### TASK TO CARRY OUT:
Although the data below holds other lines too, output only those from the line with "point P24 (0.2991, 0.1248)" up to and including the line with "point P37 (0.0083, 0.0193)", exactly as they appear.

### INPUT:
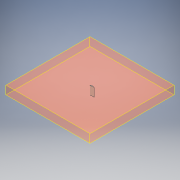
# Autodesk Inventor part: DAE-11
Saved by Autodesk Inventor 2018 (Build 220112000, 112)
## iProperties
Created: 2019-10-30
Part Number: DAE-11
Material: 一般
Document SubType Name: Modeling
Designer: Fluidlab
Density: 1 g/cm^3
Appearance: 既定
Author: Fluidlab
Autodesk Inventor part; units mm, degrees
ref_plane "YZ Plane" through (0, 0, 0) normal (1, 0, 0) x (0, 1, 0)
ref_plane "XZ Plane" through (0, 0, 0) normal (0, 1, 0) x (-1, 0, 0)
ref_plane "XY Plane" through (0, 0, 0) normal (0, 0, 1) x (1, 0, 0)
sketch "スケッチ1" plane through (0, 0, 0) normal (0, 0, 1) x (1, 0, 0)
  spline S0 degree 5 poles (1, 0) (1, 0.0002) (0.9947, 0.0012) (0.9718, 0.0048) (0.9744, 0.0051) (0.9378, 0.0117) (0.9186, 0.0165) (0.8856, 0.0239) (0.8583, 0.031) (0.8275, 0.0392) (0.7977, 0.0476) (0.7671, 0.0564) (0.7367, 0.0654) (0.7059, 0.0747) (0.6758, 0.0836) (0.646, 0.0922) (0.6168, 0.1) (0.588, 0.1071) (0.5594, 0.1131) (0.5308, 0.118) (0.5021, 0.122) (0.4732, 0.1251) (0.4443, 0.1273) (0.4152, 0.1287) (0.3862, 0.1291) (0.3571, 0.1286) (0.3281, 0.1273) (0.2992, 0.125) (0.2705, 0.1219) (0.2421, 0.1179) (0.214, 0.1129) (0.1864, 0.1069) (0.1595, 0.1) (0.1335, 0.0921) (0.1088, 0.0832) (0.0856, 0.0735) (0.0644, 0.0631) (0.0458, 0.0522) (0.0303, 0.0415) (0.0183, 0.0309) (0.0095, 0.0218) (0.004, 0.0132) (0.0008, 0.007) (-0.0003, 0.0007) (0, -0.0031) (0.0019, -0.0068) (0.0048, -0.0095) (0.0097, -0.0115) (0.0172, -0.0132) (0.0294, -0.0146) (0.0466, -0.0152) (0.0692, -0.0152) (0.0953, -0.0145) (0.1241, -0.0133) (0.1545, -0.0118) (0.1858, -0.01) (0.2177, -0.008) (0.2499, -0.0061) (0.2822, -0.0041) (0.3146, -0.0021) (0.3469, -0.0001) (0.3792, 0.0018) (0.4114, 0.0036) (0.4435, 0.0052) (0.4755, 0.0068) (0.5075, 0.0082) (0.5394, 0.0094) (0.5713, 0.0103) (0.6031, 0.0111) (0.6349, 0.0116) (0.6666, 0.0119) (0.6983, 0.012) (0.7301, 0.0118) (0.7617, 0.0115) (0.7935, 0.0108) (0.8246, 0.01) (0.8569, 0.0087) (0.8852, 0.0077) (0.9199, 0.0055) (0.9382, 0.0049) (0.9738, 0.0016) (0.972, 0.0027) (0.9946, 0.0002) (1, -0.0002) (1, 0) knots 0 0 0 0 0 0 0.012125 0.021208 0.033117 0.045961 0.059549 0.073565 0.087659 0.10178 0.115961 0.130172 0.144366 0.158494 0.172505 0.186369 0.200102 0.213741 0.227324 0.240885 0.254446 0.268016 0.281594 0.295176 0.308756 0.322329 0.335888 0.349423 0.362923 0.376372 0.389749 0.40302 0.416144 0.429057 0.441673 0.453862 0.465462 0.476296 0.486196 0.495047 0.502838 0.509565 0.51543 0.520681 0.525642 0.530715 0.53648 0.5434 0.551835 0.561897 0.573459 0.586195 0.599698 0.613617 0.627749 0.641993 0.656299 0.670634 0.684978 0.699317 0.713642 0.727948 0.742236 0.756506 0.770758 0.784995 0.799218 0.81343 0.827634 0.841832 0.856024 0.870211 0.88439 0.898563 0.912738 0.926916 0.940927 0.954453 0.967206 0.978987 0.98793 1 1 1 1 1 1
  point P0 (0, 0)
  point P1 (0.97, 0.0056)
  point P2 (0.9479, 0.01)
  point P3 (0.9186, 0.0164)
  point P4 (0.888, 0.0236)
  point P5 (0.858, 0.0311)
  point P6 (0.828, 0.0392)
  point P7 (0.7978, 0.0476)
  point P8 (0.7674, 0.0564)
  point P9 (0.7366, 0.0655)
  point P10 (0.7057, 0.0747)
  point P11 (0.6752, 0.0837)
  point P12 (0.6454, 0.0922)
  point P13 (0.6163, 0.1)
  point P14 (0.5876, 0.1069)
  point P15 (0.5591, 0.1128)
  point P16 (0.5307, 0.1178)
  point P17 (0.502, 0.1218)
  point P18 (0.4732, 0.1249)
  point P19 (0.4443, 0.1271)
  point P20 (0.4153, 0.1284)
  point P21 (0.3862, 0.1289)
  point P22 (0.3571, 0.1284)
  point P23 (0.3281, 0.127)
  point P24 (0.2991, 0.1248)
  point P25 (0.2704, 0.1217)
  point P26 (0.2419, 0.1176)
  point P27 (0.2138, 0.1126)
  point P28 (0.1861, 0.1066)
  point P29 (0.1591, 0.0995)
  point P30 (0.1329, 0.0915)
  point P31 (0.1079, 0.0825)
  point P32 (0.0844, 0.0726)
  point P33 (0.0629, 0.0618)
  point P34 (0.044, 0.0505)
  point P35 (0.0284, 0.0393)
  point P36 (0.0165, 0.0287)
  point P37 (0.0083, 0.0193)
  point P38 (0.0033, 0.0115)
  point P39 (0.0008, 0.0051)
  point P40 (0, 0)
  point P41 (0.0005, -0.0035)
  point P42 (0.002, -0.0064)
  point P43 (0.0044, -0.0088)
  point P44 (0.0081, -0.0107)
  point P45 (0.0141, -0.0124)
  point P46 (0.0246, -0.0139)
  point P47 (0.0415, -0.0149)
  point P48 (0.0649, -0.0151)
  point P49 (0.0926, -0.0145)
  point P50 (0.1226, -0.0133)
  point P51 (0.1537, -0.0117)
  point P52 (0.1854, -0.01)
  point P53 (0.2174, -0.0081)
  point P54 (0.2497, -0.0061)
  point P55 (0.2822, -0.0041)
  point P56 (0.3146, -0.0021)
  point P57 (0.347, -0.0001)
  point P58 (0.3792, 0.0018)
  point P59 (0.4114, 0.0035)
  point P60 (0.4436, 0.0052)
  point P61 (0.4756, 0.0067)
  point P62 (0.5076, 0.0081)
  point P63 (0.5395, 0.0093)
  point P64 (0.5713, 0.0103)
  point P65 (0.6031, 0.011)
  point P66 (0.6349, 0.0116)
  point P67 (0.6666, 0.0119)
  point P68 (0.6984, 0.0119)
  point P69 (0.7301, 0.0118)
  point P70 (0.7618, 0.0114)
  point P71 (0.7934, 0.0108)
  point P72 (0.825, 0.0099)
  point P73 (0.8566, 0.0088)
  point P74 (0.8883, 0.0073)
  point P75 (0.92, 0.0056)
  point P76 (0.948, 0.0039)
  point P77 (0.9697, 0.0023)
  point P78 (0.9863, 0.0011)
  constraints: 80 other
extrude "押し出し1" add sketch "スケッチ1" along normal blind 2
sketch "スケッチ2" plane through (0, 0, 2) normal (0, 0, 1) x (1, 0, 0)
  line L0 (-10, 10) -> (10, 10)
  line L1 (10, 10) -> (10, -10)
  line L2 (10, -10) -> (-10, -10)
  line L3 (-10, -10) -> (-10, 10)
  line L4 (-10, 10) -> (10, -10) construction
  line L5 (10, 10) -> (-10, -10) construction
  point P0 (0, 0)
  dimension "d2" = 20
  dimension "d3" = 20
  constraints: 12 end point, 2 midpoint, 2 parallel, 1 horizontal, 1 perpendicular
  measures "d2" distance of L1.end L2.end
  measures "d3" distance of L0.end L1.end
surface extrude "押し出しサーフェス1" sketch "スケッチ2" against normal blind 2 shown yes curves L0 L1 L2 L3
sketch "スケッチ3" plane through (-10, 10, 2) normal (0, 1, 0) x (1, 0, 0)
  line L0 (0, 2) -> (20, 2) projected
  line L1 (0, 0) -> (20, 0) projected
  point P0 (10, 2)
surface extrude "押し出しサーフェス2" sketch "スケッチ3" against normal up to surface (20 mm away) shown yes curves L1
sketch "スケッチ4" plane through (-10, 10, 2) normal (0, 1, 0) x (1, 0, 0)
  line L0 (0, 2) -> (20, 2) projected
  point P0 (10, 2)
surface extrude "押し出しサーフェス3" sketch "スケッチ4" against normal up to surface (20 mm away) shown yes curves L0
body "Srf1"
body "Srf2"
body "Srf3"

### TASK RESPONSE:
  point P24 (0.2991, 0.1248)
  point P25 (0.2704, 0.1217)
  point P26 (0.2419, 0.1176)
  point P27 (0.2138, 0.1126)
  point P28 (0.1861, 0.1066)
  point P29 (0.1591, 0.0995)
  point P30 (0.1329, 0.0915)
  point P31 (0.1079, 0.0825)
  point P32 (0.0844, 0.0726)
  point P33 (0.0629, 0.0618)
  point P34 (0.044, 0.0505)
  point P35 (0.0284, 0.0393)
  point P36 (0.0165, 0.0287)
  point P37 (0.0083, 0.0193)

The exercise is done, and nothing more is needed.